# Reason for MN law about rifles before and after deer season



## sigcopper (Dec 31, 2007)

I hate this time of the year since I can't take out my rifle and go coyote hunting. I was wondering why MN has a law prohibiting the use of a rifle (can only use a rimfire 22 or 17) 5 days before gun deer season and you must wait 2 days after the end of gun deer season. Anybody have an answer to this question? I've never been able to figure it out and the law just seems rather stupid to me.


----------



## Jmnhunter (Feb 9, 2009)

just another stupid MN law; the law was probably made up so there isn't any suspicious activity before season to try to deter anyone from shooting a deer before season :-?


----------



## Chuck Smith (Feb 22, 2005)

So people won't be tempted to shoot a deer before the season and after the season.

You have 48 hours (or something like that) to register you deer harvest after the season closes. So people won't be tempted to "shoot" a deer the day after the season and say they just did not have time to register it.

The before is so people are not tempted to shoot a deer before the season and wait to tag it opening day.

People do stupid things when they see antlers. This law is just trying to keep honest people honest and eliminate temptation.

Also in parts of the state (southern) it is illegal to hunt deer with rifles. So this way it will keep people from temptation of shooting a deer with a rifle if it is in the vehicle......ie....oh I was yote hunting and you have a dead deer in the back of your truck.


----------



## sigcopper (Dec 31, 2007)

Wow. I guess if I was inclined to poach a deer I sure wouldn't register it. If I wanted to poach a deer with a rifle I'd do it in January or February when nobody is around. Just another stupid MN law. No wonder there are fewer MN hunters.


----------



## Fallguy (Jan 23, 2004)

Jmnhunter said:


> just another stupid MN law


+1


----------



## People (Jan 17, 2005)

You bring up a good point about registering it.
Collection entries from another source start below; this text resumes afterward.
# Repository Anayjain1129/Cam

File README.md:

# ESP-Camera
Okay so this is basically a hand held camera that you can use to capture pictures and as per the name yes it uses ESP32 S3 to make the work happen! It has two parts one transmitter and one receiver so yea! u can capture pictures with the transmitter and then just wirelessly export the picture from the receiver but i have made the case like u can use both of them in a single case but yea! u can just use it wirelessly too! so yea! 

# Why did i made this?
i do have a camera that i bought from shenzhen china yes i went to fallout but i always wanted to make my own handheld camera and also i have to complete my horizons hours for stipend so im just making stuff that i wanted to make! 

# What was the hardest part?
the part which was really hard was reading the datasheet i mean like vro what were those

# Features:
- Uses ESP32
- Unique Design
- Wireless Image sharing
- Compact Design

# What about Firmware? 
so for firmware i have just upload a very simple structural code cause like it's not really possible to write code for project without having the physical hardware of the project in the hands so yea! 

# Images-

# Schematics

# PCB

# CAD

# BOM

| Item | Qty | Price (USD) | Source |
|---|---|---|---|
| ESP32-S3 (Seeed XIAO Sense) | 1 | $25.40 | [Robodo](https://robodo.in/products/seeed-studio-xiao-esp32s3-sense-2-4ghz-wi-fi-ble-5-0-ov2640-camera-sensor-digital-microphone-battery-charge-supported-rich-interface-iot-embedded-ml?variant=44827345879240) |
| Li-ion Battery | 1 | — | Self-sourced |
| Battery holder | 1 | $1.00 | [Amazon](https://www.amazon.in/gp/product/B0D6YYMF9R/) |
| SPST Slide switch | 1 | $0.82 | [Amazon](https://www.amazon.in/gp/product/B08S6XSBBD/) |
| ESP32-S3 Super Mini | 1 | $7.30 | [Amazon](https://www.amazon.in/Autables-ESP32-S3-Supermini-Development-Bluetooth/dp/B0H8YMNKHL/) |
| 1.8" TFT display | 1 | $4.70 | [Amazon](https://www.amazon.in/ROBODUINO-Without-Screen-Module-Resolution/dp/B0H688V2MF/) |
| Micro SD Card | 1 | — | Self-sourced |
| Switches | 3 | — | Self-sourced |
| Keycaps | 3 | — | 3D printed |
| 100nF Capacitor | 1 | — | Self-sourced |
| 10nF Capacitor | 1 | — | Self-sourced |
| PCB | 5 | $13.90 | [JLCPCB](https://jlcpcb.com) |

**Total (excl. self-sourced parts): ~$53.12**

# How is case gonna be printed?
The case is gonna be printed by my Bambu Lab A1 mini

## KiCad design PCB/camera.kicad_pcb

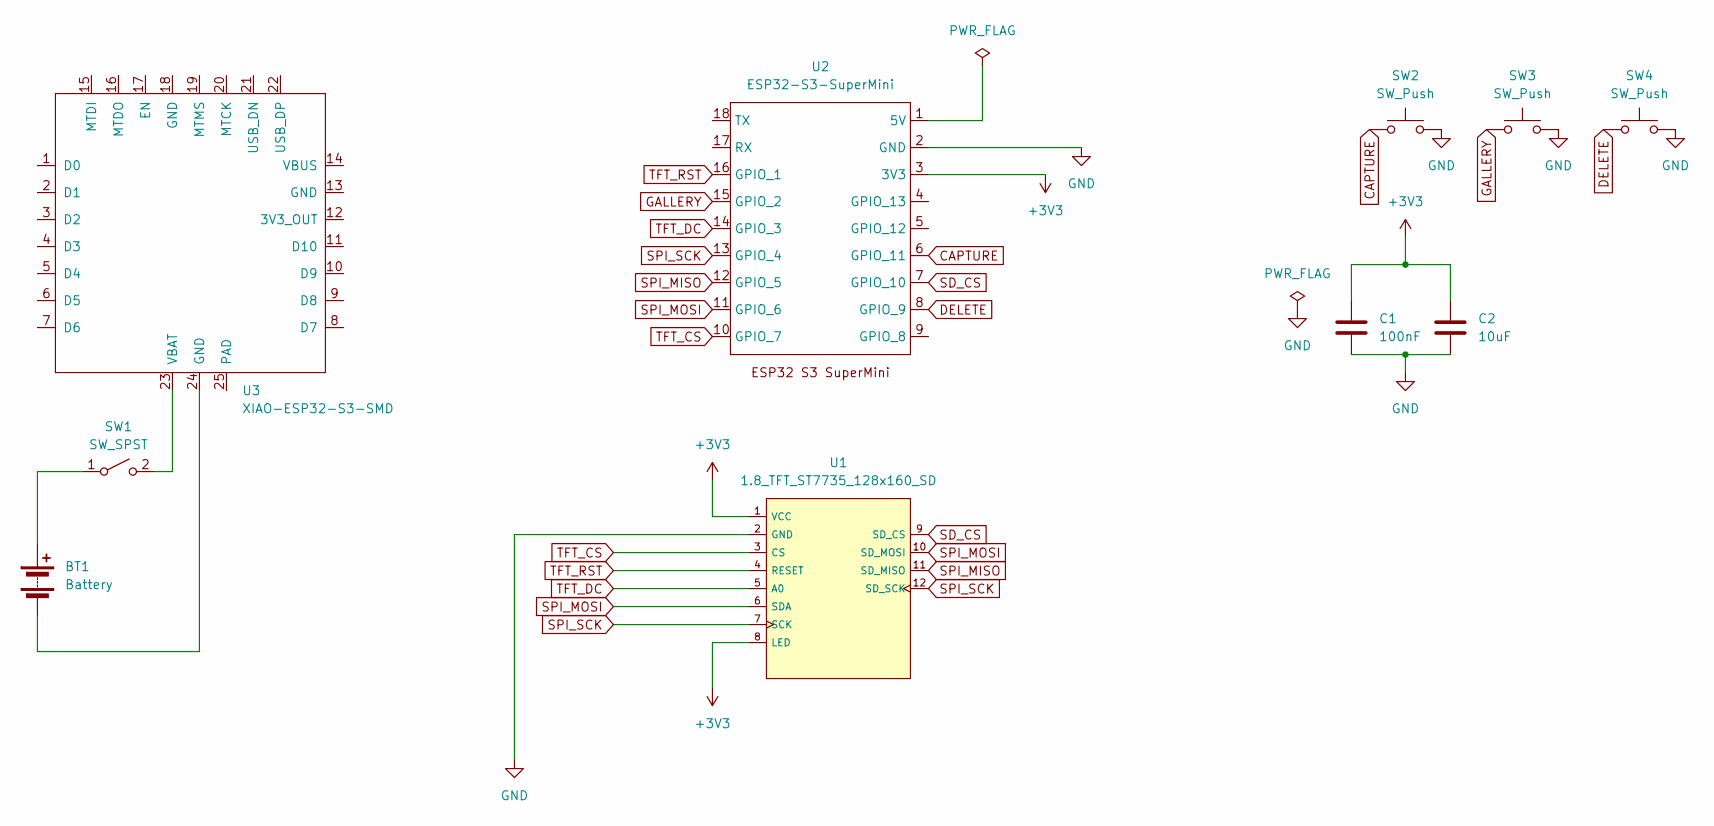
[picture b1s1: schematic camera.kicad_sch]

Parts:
BT1: Battery; BatteryHolder_Keystone_1042_1x18650
C1: 100nF; C_Disc_D5.0mm_W2.5mm_P5.00mm
C2: 10uF; CP_Radial_D5.0mm_P2.00mm
SW1: SW_SPST; PinHeader_1x02_P2.54mm_Vertical
SW2, SW3, SW4: SW_Push; SW_Cherry_MX_1.00u_PCB
U1: 1.8_TFT_ST7735_128x160_SD; TFT LCD 1.8inch 128x160 w_ SD Card Slot
U2: ESP32-S3-SuperMini
U3: XIAO-ESP32-S3-SMD

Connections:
+3V3: C1.1, C2.1, U1.1 (VCC), U1.8 (LED), U2.3 (3V3)
CAPTURE: SW2.1, U2.6 (GPIO_11)
DELETE: SW4.1, U2.8 (GPIO_9)
GALLERY: SW3.1, U2.15 (GPIO_2)
GND: C1.2, C2.2, SW2.2, SW3.2, SW4.2, U1.2 (GND), U2.2 (GND)
unnamed: BT1.1 (+), SW1.1 (A)
unnamed: BT1.2 (-), U3.24 (GND)
unnamed: SW1.2 (B), U3.23 (VBAT)
SD_CS: U1.9 (SD_CS), U2.7 (GPIO_10)
SPI_MISO: U1.11 (SD_MISO), U2.12 (GPIO_5)
SPI_MOSI: U1.6 (SDA), U1.10 (SD_MOSI), U2.11 (GPIO_6)
SPI_SCK: U1.7 (SCK), U1.12 (SD_SCK), U2.13 (GPIO_4)
TFT_CS: U1.3 (CS), U2.10 (GPIO_7)
TFT_DC: U1.5 (A0), U2.14 (GPIO_3)
TFT_RST: U1.4 (RESET), U2.16 (GPIO_1)

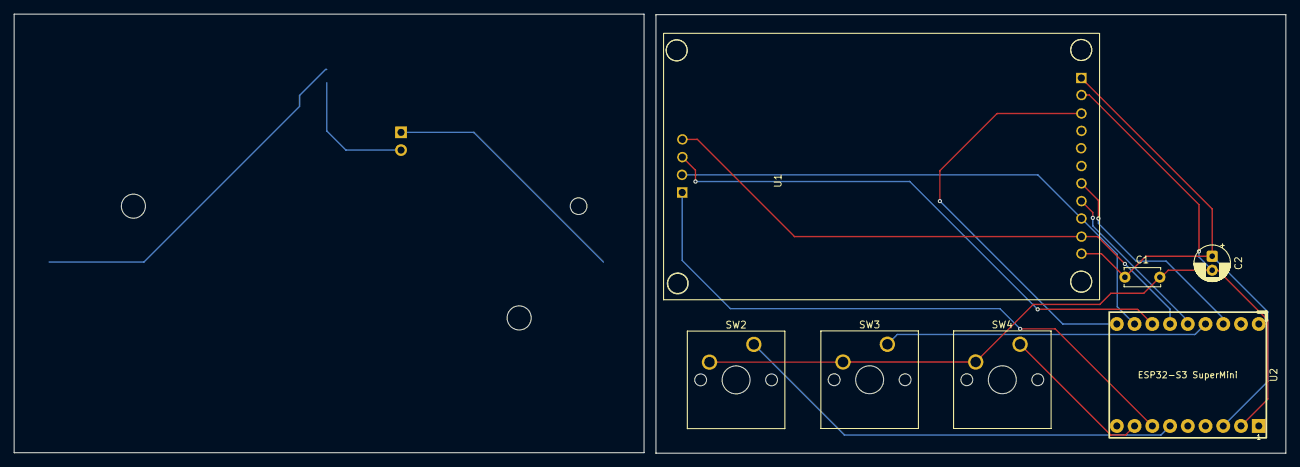
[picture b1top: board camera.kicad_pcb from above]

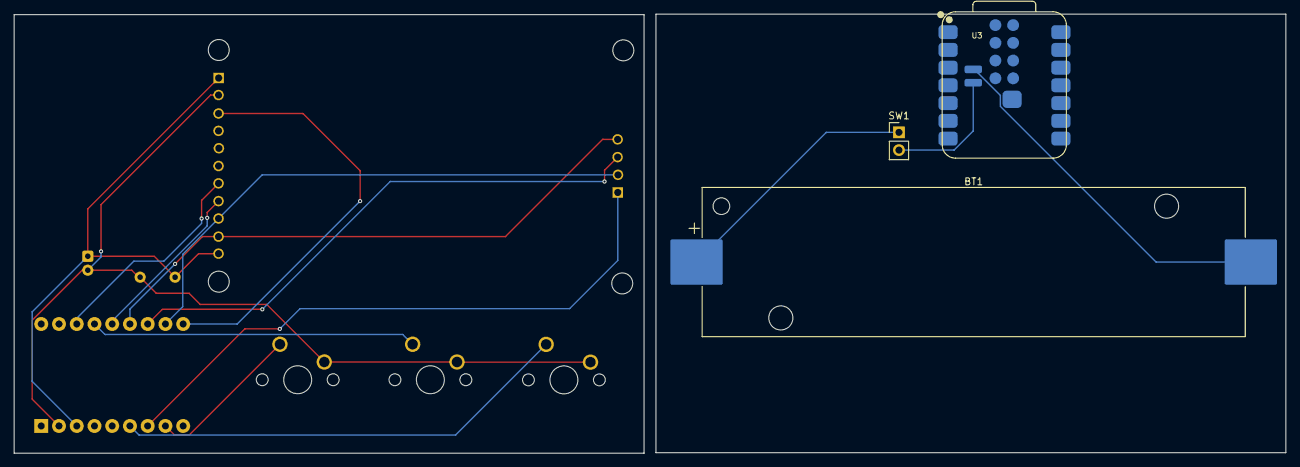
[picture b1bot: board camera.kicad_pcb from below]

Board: 2 copper layers, 182.1 x 62.9 mm, 10 parts (3 on the bottom side), 15 nets.

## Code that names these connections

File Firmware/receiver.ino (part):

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    - SD (built-in) 

  Pin map (finalized earlier in the project):
    SPI_SCK   -> GPIO4   (shared TFT + SD)
    SPI_MOSI  -> GPIO6   (shared TFT + SD)
    SPI_MISO  -> GPIO5   (SD only)
    TFT_CS    -> GPIO7
    SD_CS     -> GPIO10
    TFT_DC    -> GPIO3
    TFT_RST   -> GPIO1
    BTN_CAPTURE -> GPIO11
    BTN_GALLERY -> GPIO2
    BTN_DELETE  -> GPIO9
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const uint16_t TRANSMITTER_PORT = 80;

// ---------- Pin map ----------
#define TFT_CS    7
#define TFT_DC    3
#define TFT_RST   1
#define SD_CS     10
#define SPI_SCK   4
#define SPI_MOSI  6
#define SPI_MISO  5

#define BTN_CAPTURE 11
#define BTN_GALLERY 2

If I was wanting to poach a deer I guess I would do it after hunting time was done or just do it with my junky pickup that has already 6 deer to its credit. When I drive it I do not even slow down any more. I have a few head lights in it ready to go.

The hunting reasons are probably correct I always thought it was because MN was an anti-gun state.

When Chuck Norris says "More cowbell", he MEANS it.


----------



## jrp267 (Dec 17, 2007)

They think we cannot be trusted with anything. As though we are little children. Unfortunately people do poach but the rest of us should not be punished because we might commit a crime. Use a shotgun with buck shot. or dead coyote.


----------



## Chuck Smith (Feb 22, 2005)

> They think we cannot be trusted with anything. As though we are little children. Unfortunately people do poach but the rest of us should not be punished because we might commit a crime.


The sad part is that is a majority of the laws out there.


----------



## TK33 (Aug 12, 2008)

Wow that is a stupid law. Until I read this I thought that law only applied to the slug zones, which I deer hunt.

jrp you are exactly right. Unfortunately.


----------



## People (Jan 17, 2005)

Talking to my relitives in MN your gun has to be cassed when it is in the car. That means you can not open the zipper and pull the rifle out. That would be an uncassed gun in your car. You have to remove the cased gun from the car remove the gun from the case and then put the case back into your car. That is crazy. I have a few relitives in WI and they said if you lean your rifle against the car they can ding you on that also.

You have to love ND if you get stopped the only thing they care about is a round in the chamber. The last time I was stopped I had my CAR15 with me and the guy asked if it was loaded so I rotated my rifle and showed him the action. After him seing my open bolt flag we had to talk for almost a half hour about shooting the National Match corse of fire.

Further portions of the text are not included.